** WHAT YOU SHOULD DO **
The response has to reproduce all entries exactly while excluding their pictures.

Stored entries
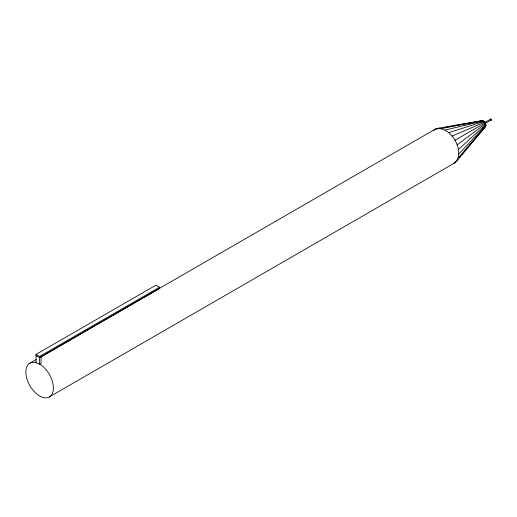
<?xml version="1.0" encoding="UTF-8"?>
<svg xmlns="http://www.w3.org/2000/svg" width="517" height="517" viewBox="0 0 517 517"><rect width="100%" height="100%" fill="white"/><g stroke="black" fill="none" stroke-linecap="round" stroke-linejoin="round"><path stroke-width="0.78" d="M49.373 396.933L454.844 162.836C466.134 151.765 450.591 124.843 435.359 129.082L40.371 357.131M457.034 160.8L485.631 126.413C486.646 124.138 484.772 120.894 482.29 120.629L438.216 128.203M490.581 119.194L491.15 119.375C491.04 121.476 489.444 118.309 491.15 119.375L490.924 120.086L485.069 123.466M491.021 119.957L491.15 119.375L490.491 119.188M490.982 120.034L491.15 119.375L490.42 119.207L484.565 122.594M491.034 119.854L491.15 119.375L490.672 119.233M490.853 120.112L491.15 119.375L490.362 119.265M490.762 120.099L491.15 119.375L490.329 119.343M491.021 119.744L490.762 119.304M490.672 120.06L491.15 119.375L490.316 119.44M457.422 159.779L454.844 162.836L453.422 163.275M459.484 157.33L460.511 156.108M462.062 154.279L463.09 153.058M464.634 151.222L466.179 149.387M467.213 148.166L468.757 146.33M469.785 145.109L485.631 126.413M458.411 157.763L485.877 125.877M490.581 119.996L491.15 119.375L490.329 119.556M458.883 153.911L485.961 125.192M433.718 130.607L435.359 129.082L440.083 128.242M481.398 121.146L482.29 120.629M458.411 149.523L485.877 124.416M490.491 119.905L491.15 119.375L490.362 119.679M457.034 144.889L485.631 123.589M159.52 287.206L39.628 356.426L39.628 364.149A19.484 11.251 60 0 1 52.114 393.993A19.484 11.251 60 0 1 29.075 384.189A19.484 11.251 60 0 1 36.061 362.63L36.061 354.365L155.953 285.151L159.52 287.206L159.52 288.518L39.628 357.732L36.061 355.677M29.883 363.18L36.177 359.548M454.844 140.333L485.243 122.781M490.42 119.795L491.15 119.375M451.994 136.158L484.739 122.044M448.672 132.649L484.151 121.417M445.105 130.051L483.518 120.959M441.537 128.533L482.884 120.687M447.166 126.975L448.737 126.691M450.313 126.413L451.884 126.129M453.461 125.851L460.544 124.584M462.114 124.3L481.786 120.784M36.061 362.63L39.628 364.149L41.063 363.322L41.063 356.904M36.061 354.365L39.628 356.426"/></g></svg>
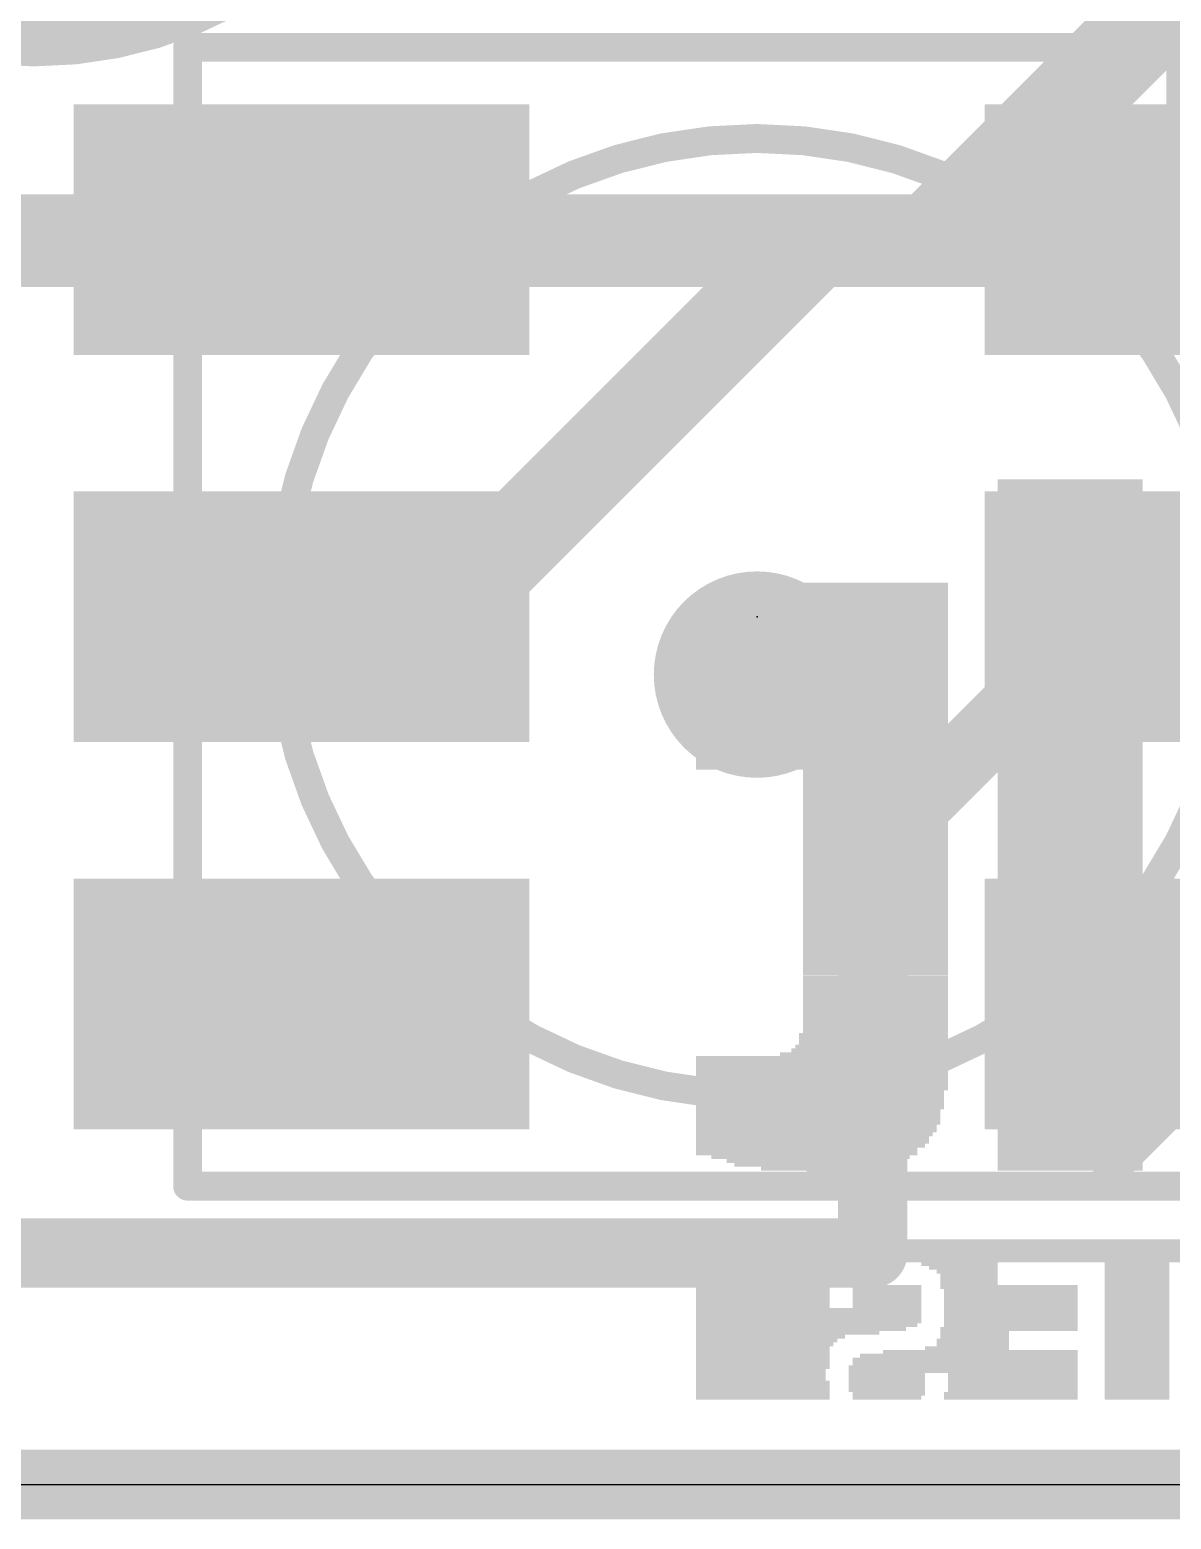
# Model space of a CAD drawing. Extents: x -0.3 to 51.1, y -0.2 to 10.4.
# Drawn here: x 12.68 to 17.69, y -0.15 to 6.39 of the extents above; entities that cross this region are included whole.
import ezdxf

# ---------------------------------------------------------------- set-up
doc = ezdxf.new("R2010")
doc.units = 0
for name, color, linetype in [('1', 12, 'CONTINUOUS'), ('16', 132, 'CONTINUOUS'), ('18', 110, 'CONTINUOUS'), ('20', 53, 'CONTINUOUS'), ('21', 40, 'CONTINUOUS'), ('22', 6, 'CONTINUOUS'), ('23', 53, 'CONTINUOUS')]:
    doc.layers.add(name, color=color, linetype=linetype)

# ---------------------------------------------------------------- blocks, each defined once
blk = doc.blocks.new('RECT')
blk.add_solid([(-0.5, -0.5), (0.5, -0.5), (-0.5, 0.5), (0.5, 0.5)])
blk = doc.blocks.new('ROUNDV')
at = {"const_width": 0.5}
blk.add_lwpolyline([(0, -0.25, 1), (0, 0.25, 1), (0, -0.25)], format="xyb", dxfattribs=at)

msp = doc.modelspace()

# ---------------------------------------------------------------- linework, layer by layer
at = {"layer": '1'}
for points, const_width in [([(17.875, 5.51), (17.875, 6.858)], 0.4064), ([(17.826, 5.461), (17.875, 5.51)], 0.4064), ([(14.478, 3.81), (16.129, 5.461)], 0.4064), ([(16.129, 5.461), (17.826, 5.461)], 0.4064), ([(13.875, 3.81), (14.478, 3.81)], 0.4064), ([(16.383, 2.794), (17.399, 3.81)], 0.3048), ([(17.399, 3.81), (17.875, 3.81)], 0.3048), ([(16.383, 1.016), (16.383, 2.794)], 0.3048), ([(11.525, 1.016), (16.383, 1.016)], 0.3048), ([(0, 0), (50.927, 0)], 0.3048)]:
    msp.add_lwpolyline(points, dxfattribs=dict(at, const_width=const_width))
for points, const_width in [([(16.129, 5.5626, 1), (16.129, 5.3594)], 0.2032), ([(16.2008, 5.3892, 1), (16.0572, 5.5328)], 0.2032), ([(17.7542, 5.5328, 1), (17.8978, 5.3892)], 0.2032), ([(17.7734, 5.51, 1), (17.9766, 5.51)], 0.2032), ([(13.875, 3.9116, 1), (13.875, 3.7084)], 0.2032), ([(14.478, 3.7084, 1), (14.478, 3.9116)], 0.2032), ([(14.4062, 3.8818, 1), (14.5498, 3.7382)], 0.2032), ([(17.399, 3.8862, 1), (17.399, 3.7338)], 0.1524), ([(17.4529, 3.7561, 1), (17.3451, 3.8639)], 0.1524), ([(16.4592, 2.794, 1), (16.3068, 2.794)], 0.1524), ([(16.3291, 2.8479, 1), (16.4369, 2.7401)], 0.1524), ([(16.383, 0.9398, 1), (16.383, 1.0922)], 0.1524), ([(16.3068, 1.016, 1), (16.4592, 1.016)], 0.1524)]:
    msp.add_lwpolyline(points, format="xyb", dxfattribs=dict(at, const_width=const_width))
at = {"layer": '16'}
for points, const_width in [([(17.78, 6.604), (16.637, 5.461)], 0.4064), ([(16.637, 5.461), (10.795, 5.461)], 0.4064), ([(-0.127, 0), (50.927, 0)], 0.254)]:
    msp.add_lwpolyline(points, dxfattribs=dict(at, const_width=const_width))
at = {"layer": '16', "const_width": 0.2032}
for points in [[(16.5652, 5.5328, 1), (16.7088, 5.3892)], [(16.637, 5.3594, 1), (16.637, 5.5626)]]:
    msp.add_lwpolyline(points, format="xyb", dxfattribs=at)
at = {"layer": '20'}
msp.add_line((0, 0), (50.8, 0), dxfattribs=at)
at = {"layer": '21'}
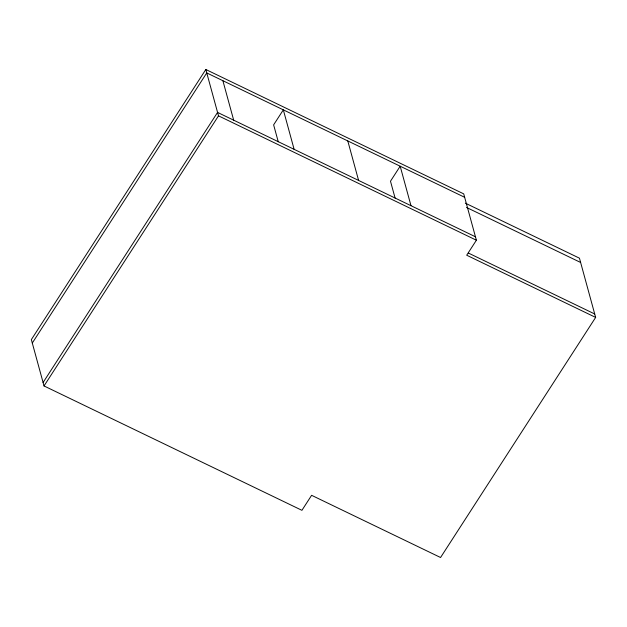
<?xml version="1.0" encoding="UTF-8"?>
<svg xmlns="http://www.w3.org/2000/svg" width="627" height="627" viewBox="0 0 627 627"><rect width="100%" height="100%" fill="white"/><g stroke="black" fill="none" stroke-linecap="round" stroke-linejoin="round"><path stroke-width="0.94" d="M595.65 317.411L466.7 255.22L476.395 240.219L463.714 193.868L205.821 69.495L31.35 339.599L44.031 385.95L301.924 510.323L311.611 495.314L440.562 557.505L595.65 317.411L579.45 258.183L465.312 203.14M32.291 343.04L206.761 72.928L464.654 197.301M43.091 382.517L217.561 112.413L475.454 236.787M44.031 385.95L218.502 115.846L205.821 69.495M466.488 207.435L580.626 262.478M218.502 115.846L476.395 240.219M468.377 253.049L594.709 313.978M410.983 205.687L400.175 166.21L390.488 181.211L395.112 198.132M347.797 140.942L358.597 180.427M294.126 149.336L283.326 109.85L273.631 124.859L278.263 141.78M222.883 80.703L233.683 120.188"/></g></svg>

** TASK RESPONSE **
<?xml version="1.0" encoding="UTF-8"?>
<svg xmlns="http://www.w3.org/2000/svg" width="517" height="517" viewBox="0 0 517 517"><rect width="100%" height="100%" fill="white"/><g stroke="black" fill="none" stroke-linecap="round" stroke-linejoin="round"><path stroke-width="0.78" d="M49.373 396.933L454.844 162.836C466.134 151.765 450.591 124.843 435.359 129.082L40.371 357.131M457.034 160.8L485.631 126.413C486.646 124.138 484.772 120.894 482.29 120.629L438.216 128.203M490.581 119.194L491.15 119.375C491.04 121.476 489.444 118.309 491.15 119.375L490.924 120.086L485.069 123.466M491.021 119.957L491.15 119.375L490.491 119.188M490.982 120.034L491.15 119.375L490.42 119.207L484.565 122.594M491.034 119.854L491.15 119.375L490.672 119.233M490.853 120.112L491.15 119.375L490.362 119.265M490.762 120.099L491.15 119.375L490.329 119.343M491.021 119.744L490.762 119.304M490.672 120.06L491.15 119.375L490.316 119.44M457.422 159.779L454.844 162.836L453.422 163.275M459.484 157.33L460.511 156.108M462.062 154.279L463.09 153.058M464.634 151.222L466.179 149.387M467.213 148.166L468.757 146.33M469.785 145.109L485.631 126.413M458.411 157.763L485.877 125.877M490.581 119.996L491.15 119.375L490.329 119.556M458.883 153.911L485.961 125.192M433.718 130.607L435.359 129.082L440.083 128.242M481.398 121.146L482.29 120.629M458.411 149.523L485.877 124.416M490.491 119.905L491.15 119.375L490.362 119.679M457.034 144.889L485.631 123.589M159.52 287.206L39.628 356.426L39.628 364.149A19.484 11.251 60 0 1 52.114 393.993A19.484 11.251 60 0 1 29.075 384.189A19.484 11.251 60 0 1 36.061 362.63L36.061 354.365L155.953 285.151L159.52 287.206L159.52 288.518L39.628 357.732L36.061 355.677M29.883 363.18L36.177 359.548M454.844 140.333L485.243 122.781M490.42 119.795L491.15 119.375M451.994 136.158L484.739 122.044M448.672 132.649L484.151 121.417M445.105 130.051L483.518 120.959M441.537 128.533L482.884 120.687M447.166 126.975L448.737 126.691M450.313 126.413L451.884 126.129M453.461 125.851L460.544 124.584M462.114 124.3L481.786 120.784M36.061 362.63L39.628 364.149L41.063 363.322L41.063 356.904M36.061 354.365L39.628 356.426"/></g></svg>
# Model space of a CAD drawing. Extents: x -0.3 to 51.1, y -0.2 to 10.4.
# Drawn here: x 12.68 to 17.69, y -0.15 to 6.39 of the extents above; entities that cross this region are included whole.
import ezdxf

# ---------------------------------------------------------------- set-up
doc = ezdxf.new("R2010")
doc.units = 0
for name, color, linetype in [('1', 12, 'CONTINUOUS'), ('16', 132, 'CONTINUOUS'), ('18', 110, 'CONTINUOUS'), ('20', 53, 'CONTINUOUS'), ('21', 40, 'CONTINUOUS'), ('22', 6, 'CONTINUOUS'), ('23', 53, 'CONTINUOUS')]:
    doc.layers.add(name, color=color, linetype=linetype)

# ---------------------------------------------------------------- blocks, each defined once
blk = doc.blocks.new('RECT')
blk.add_solid([(-0.5, -0.5), (0.5, -0.5), (-0.5, 0.5), (0.5, 0.5)])
blk = doc.blocks.new('ROUNDV')
at = {"const_width": 0.5}
blk.add_lwpolyline([(0, -0.25, 1), (0, 0.25, 1), (0, -0.25)], format="xyb", dxfattribs=at)

msp = doc.modelspace()

# ---------------------------------------------------------------- linework, layer by layer
at = {"layer": '1'}
for points, const_width in [([(17.875, 5.51), (17.875, 6.858)], 0.4064), ([(17.826, 5.461), (17.875, 5.51)], 0.4064), ([(14.478, 3.81), (16.129, 5.461)], 0.4064), ([(16.129, 5.461), (17.826, 5.461)], 0.4064), ([(13.875, 3.81), (14.478, 3.81)], 0.4064), ([(16.383, 2.794), (17.399, 3.81)], 0.3048), ([(17.399, 3.81), (17.875, 3.81)], 0.3048), ([(16.383, 1.016), (16.383, 2.794)], 0.3048), ([(11.525, 1.016), (16.383, 1.016)], 0.3048), ([(0, 0), (50.927, 0)], 0.3048)]:
    msp.add_lwpolyline(points, dxfattribs=dict(at, const_width=const_width))
for points, const_width in [([(16.129, 5.5626, 1), (16.129, 5.3594)], 0.2032), ([(16.2008, 5.3892, 1), (16.0572, 5.5328)], 0.2032), ([(17.7542, 5.5328, 1), (17.8978, 5.3892)], 0.2032), ([(17.7734, 5.51, 1), (17.9766, 5.51)], 0.2032), ([(13.875, 3.9116, 1), (13.875, 3.7084)], 0.2032), ([(14.478, 3.7084, 1), (14.478, 3.9116)], 0.2032), ([(14.4062, 3.8818, 1), (14.5498, 3.7382)], 0.2032), ([(17.399, 3.8862, 1), (17.399, 3.7338)], 0.1524), ([(17.4529, 3.7561, 1), (17.3451, 3.8639)], 0.1524), ([(16.4592, 2.794, 1), (16.3068, 2.794)], 0.1524), ([(16.3291, 2.8479, 1), (16.4369, 2.7401)], 0.1524), ([(16.383, 0.9398, 1), (16.383, 1.0922)], 0.1524), ([(16.3068, 1.016, 1), (16.4592, 1.016)], 0.1524)]:
    msp.add_lwpolyline(points, format="xyb", dxfattribs=dict(at, const_width=const_width))
at = {"layer": '16'}
for points, const_width in [([(17.78, 6.604), (16.637, 5.461)], 0.4064), ([(16.637, 5.461), (10.795, 5.461)], 0.4064), ([(-0.127, 0), (50.927, 0)], 0.254)]:
    msp.add_lwpolyline(points, dxfattribs=dict(at, const_width=const_width))
at = {"layer": '16', "const_width": 0.2032}
for points in [[(16.5652, 5.5328, 1), (16.7088, 5.3892)], [(16.637, 5.3594, 1), (16.637, 5.5626)]]:
    msp.add_lwpolyline(points, format="xyb", dxfattribs=at)
at = {"layer": '20'}
msp.add_line((0, 0), (50.8, 0), dxfattribs=at)
at = {"layer": '21'}
<?xml version="1.0" encoding="UTF-8"?>
<svg xmlns="http://www.w3.org/2000/svg" width="627" height="627" viewBox="0 0 627 627"><rect width="100%" height="100%" fill="white"/><g stroke="black" fill="none" stroke-linecap="round" stroke-linejoin="round"><path stroke-width="0.94" d="M595.65 317.411L466.7 255.22L476.395 240.219L463.714 193.868L205.821 69.495L31.35 339.599L44.031 385.95L301.924 510.323L311.611 495.314L440.562 557.505L595.65 317.411L579.45 258.183L465.312 203.14M32.291 343.04L206.761 72.928L464.654 197.301M43.091 382.517L217.561 112.413L475.454 236.787M44.031 385.95L218.502 115.846L205.821 69.495M466.488 207.435L580.626 262.478M218.502 115.846L476.395 240.219M468.377 253.049L594.709 313.978M410.983 205.687L400.175 166.21L390.488 181.211L395.112 198.132M347.797 140.942L358.597 180.427M294.126 149.336L283.326 109.85L273.631 124.859L278.263 141.78M222.883 80.703L233.683 120.188"/></g></svg>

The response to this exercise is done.